Theorem dford2 9308

Description: Assuming ax-reg 9281, an ordinal is a transitive class on which inclusion satisfies trichotomy. (Contributed by Scott Fenton, 27-Oct-2010.)

Assertion

Ref	Expression
dford2	⊢ (Ord 𝐴 ↔ (Tr 𝐴 ∧ ∀𝑥 ∈ 𝐴 ∀𝑦 ∈ 𝐴 (𝑥 ∈ 𝑦 ∨ 𝑥 = 𝑦 ∨ 𝑦 ∈ 𝑥)))
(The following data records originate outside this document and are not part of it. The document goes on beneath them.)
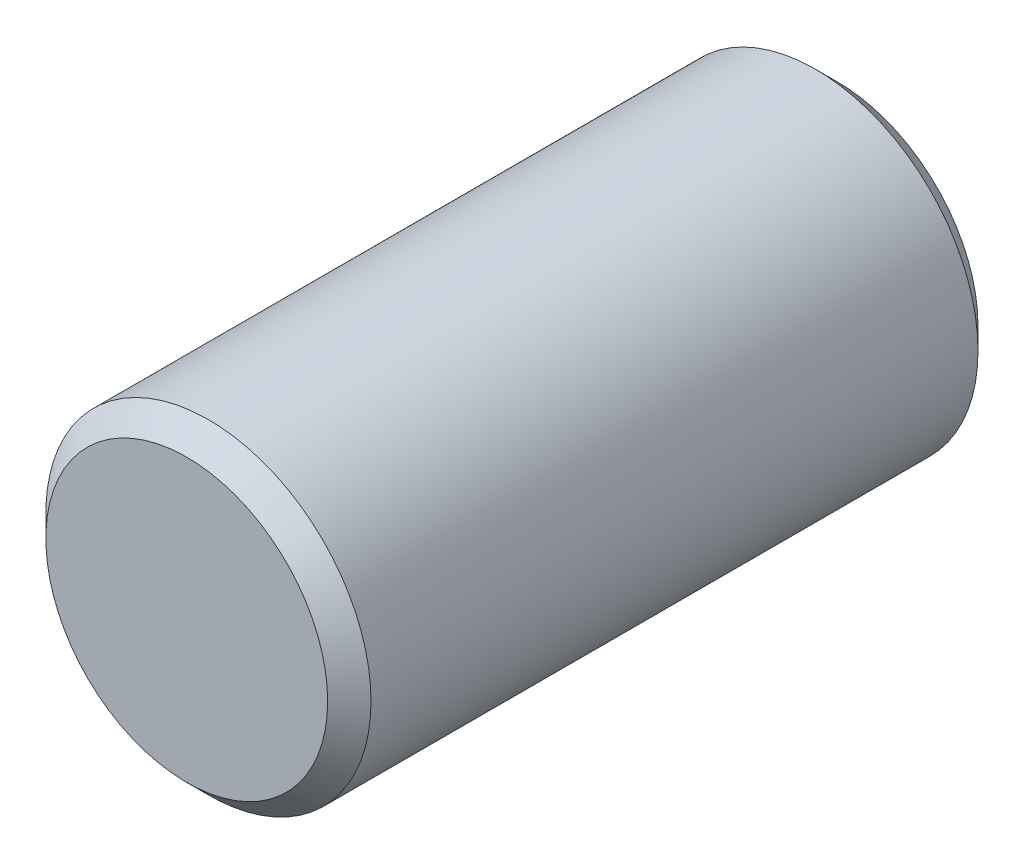
ISO-10303-21;
HEADER;
FILE_DESCRIPTION(('STEP AP214'),'2;1');
FILE_NAME('part.step','',(''),(''),'','','');
FILE_SCHEMA(('AUTOMOTIVE_DESIGN { 1 0 10303 214 1 1 1 1 }'));
ENDSEC;
DATA;
#1=APPLICATION_CONTEXT('core data for automotive mechanical design processes');
#2=APPLICATION_PROTOCOL_DEFINITION('international standard','automotive_design',2000,#1);
#3=PRODUCT_CONTEXT('',#1,'mechanical');
#4=PRODUCT('Part','Part','',(#3));
#5=PRODUCT_RELATED_PRODUCT_CATEGORY('part','',(#4));
#6=PRODUCT_DEFINITION_FORMATION('','',#4);
#7=PRODUCT_DEFINITION_CONTEXT('part definition',#1,'design');
#8=PRODUCT_DEFINITION('design','',#6,#7);
#9=PRODUCT_DEFINITION_SHAPE('','',#8);
#10=(LENGTH_UNIT() NAMED_UNIT(*) SI_UNIT(.MILLI.,.METRE.));
#11=(NAMED_UNIT(*) PLANE_ANGLE_UNIT() SI_UNIT($,.RADIAN.));
#12=(NAMED_UNIT(*) SI_UNIT($,.STERADIAN.) SOLID_ANGLE_UNIT());
#13=UNCERTAINTY_MEASURE_WITH_UNIT(LENGTH_MEASURE(1.E-05),#10,'distance_accuracy_value','');
#14=(GEOMETRIC_REPRESENTATION_CONTEXT(3) GLOBAL_UNCERTAINTY_ASSIGNED_CONTEXT((#13)) GLOBAL_UNIT_ASSIGNED_CONTEXT((#10,
#11,#12)) REPRESENTATION_CONTEXT('',''));
#15=CARTESIAN_POINT('',(0.,0.,0.));
#16=DIRECTION('',(0.,0.,1.));
#17=DIRECTION('',(1.,0.,0.));
#18=AXIS2_PLACEMENT_3D('',#15,#16,#17);
#19=CARTESIAN_POINT('',(0.,0.,6.));
#20=DIRECTION('',(0.,0.,-1.));
#21=DIRECTION('',(-1.,0.,0.));
#22=AXIS2_PLACEMENT_3D('',#19,#20,#21);
#23=CYLINDRICAL_SURFACE('',#22,1.5);
#24=CARTESIAN_POINT('',(0.,0.,0.2));
#25=DIRECTION('',(0.,0.,1.));
#26=DIRECTION('',(1.,0.,0.));
#27=AXIS2_PLACEMENT_3D('',#24,#25,#26);
#28=CIRCLE('',#27,1.5);
#29=CARTESIAN_POINT('',(1.5,0.,0.2));
#30=VERTEX_POINT('',#29);
#31=EDGE_CURVE('E46',#30,#30,#28,.T.);
#32=ORIENTED_EDGE('',*,*,#31,.T.);
#33=EDGE_LOOP('',(#32));
#34=FACE_BOUND('',#33,.T.);
#35=CARTESIAN_POINT('',(0.,0.,5.8));
#36=DIRECTION('',(0.,0.,1.));
#37=DIRECTION('',(1.,0.,0.));
#38=AXIS2_PLACEMENT_3D('',#35,#36,#37);
#39=CIRCLE('',#38,1.5);
#40=CARTESIAN_POINT('',(1.5,0.,5.8));
#41=VERTEX_POINT('',#40);
#42=EDGE_CURVE('E50',#41,#41,#39,.F.);
#43=ORIENTED_EDGE('',*,*,#42,.T.);
#44=EDGE_LOOP('',(#43));
#45=FACE_BOUND('',#44,.T.);
#46=ADVANCED_FACE('F36',(#34,#45),#23,.T.);
#47=CARTESIAN_POINT('',(0.,0.,6.));
#48=DIRECTION('',(0.,0.,1.));
#49=DIRECTION('',(1.,0.,0.));
#50=AXIS2_PLACEMENT_3D('',#47,#48,#49);
#51=PLANE('',#50);
#52=CARTESIAN_POINT('',(0.,0.,6.));
#53=DIRECTION('',(0.,0.,1.));
#54=DIRECTION('',(1.,0.,0.));
#55=AXIS2_PLACEMENT_3D('',#52,#53,#54);
#56=CIRCLE('',#55,1.3);
#57=CARTESIAN_POINT('',(1.3,0.,6.));
#58=VERTEX_POINT('',#57);
#59=EDGE_CURVE('E10',#58,#58,#56,.T.);
#60=ORIENTED_EDGE('',*,*,#59,.T.);
#61=EDGE_LOOP('',(#60));
#62=FACE_BOUND('',#61,.T.);
#63=ADVANCED_FACE('F69',(#62),#51,.T.);
#64=CARTESIAN_POINT('',(0.,0.,0.));
#65=DIRECTION('',(0.,0.,1.));
#66=DIRECTION('',(1.,0.,0.));
#67=AXIS2_PLACEMENT_3D('',#64,#65,#66);
#68=PLANE('',#67);
#69=CARTESIAN_POINT('',(0.,0.,0.));
#70=DIRECTION('',(0.,0.,1.));
#71=DIRECTION('',(1.,0.,0.));
#72=AXIS2_PLACEMENT_3D('',#69,#70,#71);
#73=CIRCLE('',#72,1.3);
#74=CARTESIAN_POINT('',(1.3,0.,0.));
#75=VERTEX_POINT('',#74);
#76=EDGE_CURVE('E42',#75,#75,#73,.F.);
#77=ORIENTED_EDGE('',*,*,#76,.T.);
#78=EDGE_LOOP('',(#77));
#79=FACE_BOUND('',#78,.T.);
#80=ADVANCED_FACE('F65',(#79),#68,.F.);
#81=CARTESIAN_POINT('',(0.,0.,0.2));
#82=DIRECTION('',(0.,0.,1.));
#83=DIRECTION('',(1.,0.,0.));
#84=AXIS2_PLACEMENT_3D('',#81,#82,#83);
#85=CONICAL_SURFACE('',#84,1.5,0.78539816339745);
#86=CARTESIAN_POINT('',(1.3,0.,0.));
#87=CARTESIAN_POINT('',(1.30208333333333,0.,0.0020833333333333));
#88=CARTESIAN_POINT('',(1.30416666666667,0.,0.00416666666666663));
#89=CARTESIAN_POINT('',(1.30833333333333,0.,0.00833333333333329));
#90=CARTESIAN_POINT('',(1.31041666666667,0.,0.0104166666666666));
#91=CARTESIAN_POINT('',(1.31458333333333,0.,0.0145833333333333));
#92=CARTESIAN_POINT('',(1.31666666666667,0.,0.0166666666666666));
#93=CARTESIAN_POINT('',(1.32083333333333,0.,0.0208333333333333));
#94=CARTESIAN_POINT('',(1.32291666666667,0.,0.0229166666666666));
#95=CARTESIAN_POINT('',(1.32708333333333,0.,0.0270833333333333));
#96=CARTESIAN_POINT('',(1.32916666666667,0.,0.0291666666666666));
#97=CARTESIAN_POINT('',(1.33333333333333,0.,0.0333333333333332));
#98=CARTESIAN_POINT('',(1.33541666666667,0.,0.0354166666666666));
#99=CARTESIAN_POINT('',(1.33958333333333,0.,0.0395833333333333));
#100=CARTESIAN_POINT('',(1.34166666666667,0.,0.0416666666666666));
#101=CARTESIAN_POINT('',(1.34583333333333,0.,0.0458333333333333));
#102=CARTESIAN_POINT('',(1.34791666666667,0.,0.0479166666666665));
#103=CARTESIAN_POINT('',(1.35208333333333,0.,0.0520833333333332));
#104=CARTESIAN_POINT('',(1.35416666666667,0.,0.0541666666666666));
#105=CARTESIAN_POINT('',(1.35833333333333,0.,0.0583333333333332));
#106=CARTESIAN_POINT('',(1.36041666666667,0.,0.0604166666666665));
#107=CARTESIAN_POINT('',(1.36458333333333,0.,0.0645833333333332));
#108=CARTESIAN_POINT('',(1.36666666666667,0.,0.0666666666666665));
#109=CARTESIAN_POINT('',(1.37083333333333,0.,0.0708333333333332));
#110=CARTESIAN_POINT('',(1.37291666666667,0.,0.0729166666666666));
#111=CARTESIAN_POINT('',(1.37708333333333,0.,0.0770833333333332));
#112=CARTESIAN_POINT('',(1.37916666666667,0.,0.0791666666666665));
#113=CARTESIAN_POINT('',(1.38333333333333,0.,0.0833333333333331));
#114=CARTESIAN_POINT('',(1.38541666666667,0.,0.0854166666666665));
#115=CARTESIAN_POINT('',(1.38958333333333,0.,0.0895833333333332));
#116=CARTESIAN_POINT('',(1.39166666666667,0.,0.0916666666666665));
#117=CARTESIAN_POINT('',(1.39583333333333,0.,0.0958333333333332));
#118=CARTESIAN_POINT('',(1.39791666666667,0.,0.0979166666666665));
#119=CARTESIAN_POINT('',(1.40208333333333,0.,0.102083333333333));
#120=CARTESIAN_POINT('',(1.40416666666667,0.,0.104166666666666));
#121=CARTESIAN_POINT('',(1.40833333333333,0.,0.108333333333333));
#122=CARTESIAN_POINT('',(1.41041666666667,0.,0.110416666666666));
#123=CARTESIAN_POINT('',(1.41458333333333,0.,0.114583333333333));
#124=CARTESIAN_POINT('',(1.41666666666667,0.,0.116666666666666));
#125=CARTESIAN_POINT('',(1.42083333333333,0.,0.120833333333333));
#126=CARTESIAN_POINT('',(1.42291666666667,0.,0.122916666666666));
#127=CARTESIAN_POINT('',(1.42708333333333,0.,0.127083333333333));
#128=CARTESIAN_POINT('',(1.42916666666667,0.,0.129166666666666));
#129=CARTESIAN_POINT('',(1.43333333333333,0.,0.133333333333333));
#130=CARTESIAN_POINT('',(1.43541666666667,0.,0.135416666666666));
#131=CARTESIAN_POINT('',(1.43958333333333,0.,0.139583333333333));
#132=CARTESIAN_POINT('',(1.44166666666667,0.,0.141666666666666));
#133=CARTESIAN_POINT('',(1.44583333333333,0.,0.145833333333333));
#134=CARTESIAN_POINT('',(1.44791666666667,0.,0.147916666666666));
#135=CARTESIAN_POINT('',(1.45208333333333,0.,0.152083333333333));
#136=CARTESIAN_POINT('',(1.45416666666667,0.,0.154166666666666));
#137=CARTESIAN_POINT('',(1.45833333333333,0.,0.158333333333333));
#138=CARTESIAN_POINT('',(1.46041666666667,0.,0.160416666666666));
#139=CARTESIAN_POINT('',(1.46458333333333,0.,0.164583333333333));
#140=CARTESIAN_POINT('',(1.46666666666667,0.,0.166666666666666));
#141=CARTESIAN_POINT('',(1.47083333333333,0.,0.170833333333333));
#142=CARTESIAN_POINT('',(1.47291666666667,0.,0.172916666666666));
#143=CARTESIAN_POINT('',(1.47708333333333,0.,0.177083333333333));
#144=CARTESIAN_POINT('',(1.47916666666667,0.,0.179166666666666));
#145=CARTESIAN_POINT('',(1.48333333333333,0.,0.183333333333333));
#146=CARTESIAN_POINT('',(1.48541666666667,0.,0.185416666666666));
#147=CARTESIAN_POINT('',(1.48958333333333,0.,0.189583333333333));
#148=CARTESIAN_POINT('',(1.49166666666667,0.,0.191666666666666));
#149=CARTESIAN_POINT('',(1.49583333333333,0.,0.195833333333333));
#150=CARTESIAN_POINT('',(1.49791666666667,0.,0.197916666666666));
#151=CARTESIAN_POINT('',(1.5,0.,0.2));
#152=B_SPLINE_CURVE_WITH_KNOTS('',3,(#86,#87,#88,#89,#90,#91,#92,#93,#94,#95,#96,#97,#98,#99,
#100,#101,#102,#103,#104,#105,#106,#107,#108,#109,#110,#111,#112,#113,#114,#115,#116,#117,#118,
#119,#120,#121,#122,#123,#124,#125,#126,#127,#128,#129,#130,#131,#132,#133,#134,#135,#136,#137,
#138,#139,#140,#141,#142,#143,#144,#145,#146,#147,#148,#149,#150,#151),.UNSPECIFIED.,.F.,.F.,(4,
2,2,2,2,2,2,2,2,2,2,2,2,2,2,2,2,2,2,2,2,2,2,2,2,2,2,2,2,2,2,2,4),(0.,0.00883883476483181,
0.0176776695296636,0.0265165042944954,0.0353553390593272,0.0441941738241592,0.053033008588991,
0.0618718433538228,0.0707106781186548,0.0795495128834866,0.0883883476483184,0.0972271824131502,
0.106066017177982,0.114904851942814,0.123743686707646,0.132582521472478,0.141421356237309,
0.150260191002141,0.159099025766973,0.167937860531805,0.176776695296637,0.185615530061469,
0.194454364826301,0.203293199591132,0.212132034355964,0.220970869120796,0.229809703885628,
0.23864853865046,0.247487373415292,0.256326208180123,0.265165042944955,0.274003877709787,
0.282842712474619),.UNSPECIFIED.);
#153=EDGE_CURVE('BSEAM60',#75,#30,#152,.T.);
#154=ORIENTED_EDGE('',*,*,#76,.F.);
#155=ORIENTED_EDGE('',*,*,#31,.F.);
#156=ORIENTED_EDGE('',*,*,#153,.T.);
#157=ORIENTED_EDGE('',*,*,#153,.F.);
#158=EDGE_LOOP('',(#154,#156,#155,#157));
#159=FACE_BOUND('',#158,.T.);
#160=ADVANCED_FACE('F60',(#159),#85,.T.);
#161=CARTESIAN_POINT('',(0.,0.,6.));
#162=DIRECTION('',(0.,0.,-1.));
#163=DIRECTION('',(-1.,0.,0.));
#164=AXIS2_PLACEMENT_3D('',#161,#162,#163);
#165=CONICAL_SURFACE('',#164,1.3,0.785398163397447);
#166=ORIENTED_EDGE('',*,*,#42,.F.);
#167=EDGE_LOOP('',(#166));
#168=FACE_BOUND('',#167,.T.);
#169=ORIENTED_EDGE('',*,*,#59,.F.);
#170=EDGE_LOOP('',(#169));
#171=FACE_BOUND('',#170,.T.);
#172=ADVANCED_FACE('F57',(#168,#171),#165,.T.);
#173=CLOSED_SHELL('',(#46,#63,#80,#160,#172));
#174=MANIFOLD_SOLID_BREP('B2',#173);
#175=ADVANCED_BREP_SHAPE_REPRESENTATION('',(#18,#174),#14);
#176=SHAPE_DEFINITION_REPRESENTATION(#9,#175);
ENDSEC;
END-ISO-10303-21;

Distinct variable group:   𝑥,𝑦,𝐴

Proof of Theorem dford2

Step	Hyp	Ref	Expression
1		df-ord 6254	. 2 ⊢ (Ord 𝐴 ↔ (Tr 𝐴 ∧ E We 𝐴))
2		zfregfr 9293	. . . . 5 ⊢ E Fr 𝐴
3		dfwe2 7602	. . . . 5 ⊢ ( E We 𝐴 ↔ ( E Fr 𝐴 ∧ ∀𝑥 ∈ 𝐴 ∀𝑦 ∈ 𝐴 (𝑥 E 𝑦 ∨ 𝑥 = 𝑦 ∨ 𝑦 E 𝑥)))
4	2, 3	mpbiran 705	. . . 4 ⊢ ( E We 𝐴 ↔ ∀𝑥 ∈ 𝐴 ∀𝑦 ∈ 𝐴 (𝑥 E 𝑦 ∨ 𝑥 = 𝑦 ∨ 𝑦 E 𝑥))
5		epel 5489	. . . . . 6 ⊢ (𝑥 E 𝑦 ↔ 𝑥 ∈ 𝑦)
6		biid 260	. . . . . 6 ⊢ (𝑥 = 𝑦 ↔ 𝑥 = 𝑦)
7		epel 5489	. . . . . 6 ⊢ (𝑦 E 𝑥 ↔ 𝑦 ∈ 𝑥)
8	5, 6, 7	3orbi123i 1154	. . . . 5 ⊢ ((𝑥 E 𝑦 ∨ 𝑥 = 𝑦 ∨ 𝑦 E 𝑥) ↔ (𝑥 ∈ 𝑦 ∨ 𝑥 = 𝑦 ∨ 𝑦 ∈ 𝑥))
9	8	2ralbii 3091	. . . 4 ⊢ (∀𝑥 ∈ 𝐴 ∀𝑦 ∈ 𝐴 (𝑥 E 𝑦 ∨ 𝑥 = 𝑦 ∨ 𝑦 E 𝑥) ↔ ∀𝑥 ∈ 𝐴 ∀𝑦 ∈ 𝐴 (𝑥 ∈ 𝑦 ∨ 𝑥 = 𝑦 ∨ 𝑦 ∈ 𝑥))
10	4, 9	bitri 274	. . 3 ⊢ ( E We 𝐴 ↔ ∀𝑥 ∈ 𝐴 ∀𝑦 ∈ 𝐴 (𝑥 ∈ 𝑦 ∨ 𝑥 = 𝑦 ∨ 𝑦 ∈ 𝑥))
11	10	anbi2i 622	. 2 ⊢ ((Tr 𝐴 ∧ E We 𝐴) ↔ (Tr 𝐴 ∧ ∀𝑥 ∈ 𝐴 ∀𝑦 ∈ 𝐴 (𝑥 ∈ 𝑦 ∨ 𝑥 = 𝑦 ∨ 𝑦 ∈ 𝑥)))
12	1, 11	bitri 274	1 ⊢ (Ord 𝐴 ↔ (Tr 𝐴 ∧ ∀𝑥 ∈ 𝐴 ∀𝑦 ∈ 𝐴 (𝑥 ∈ 𝑦 ∨ 𝑥 = 𝑦 ∨ 𝑦 ∈ 𝑥)))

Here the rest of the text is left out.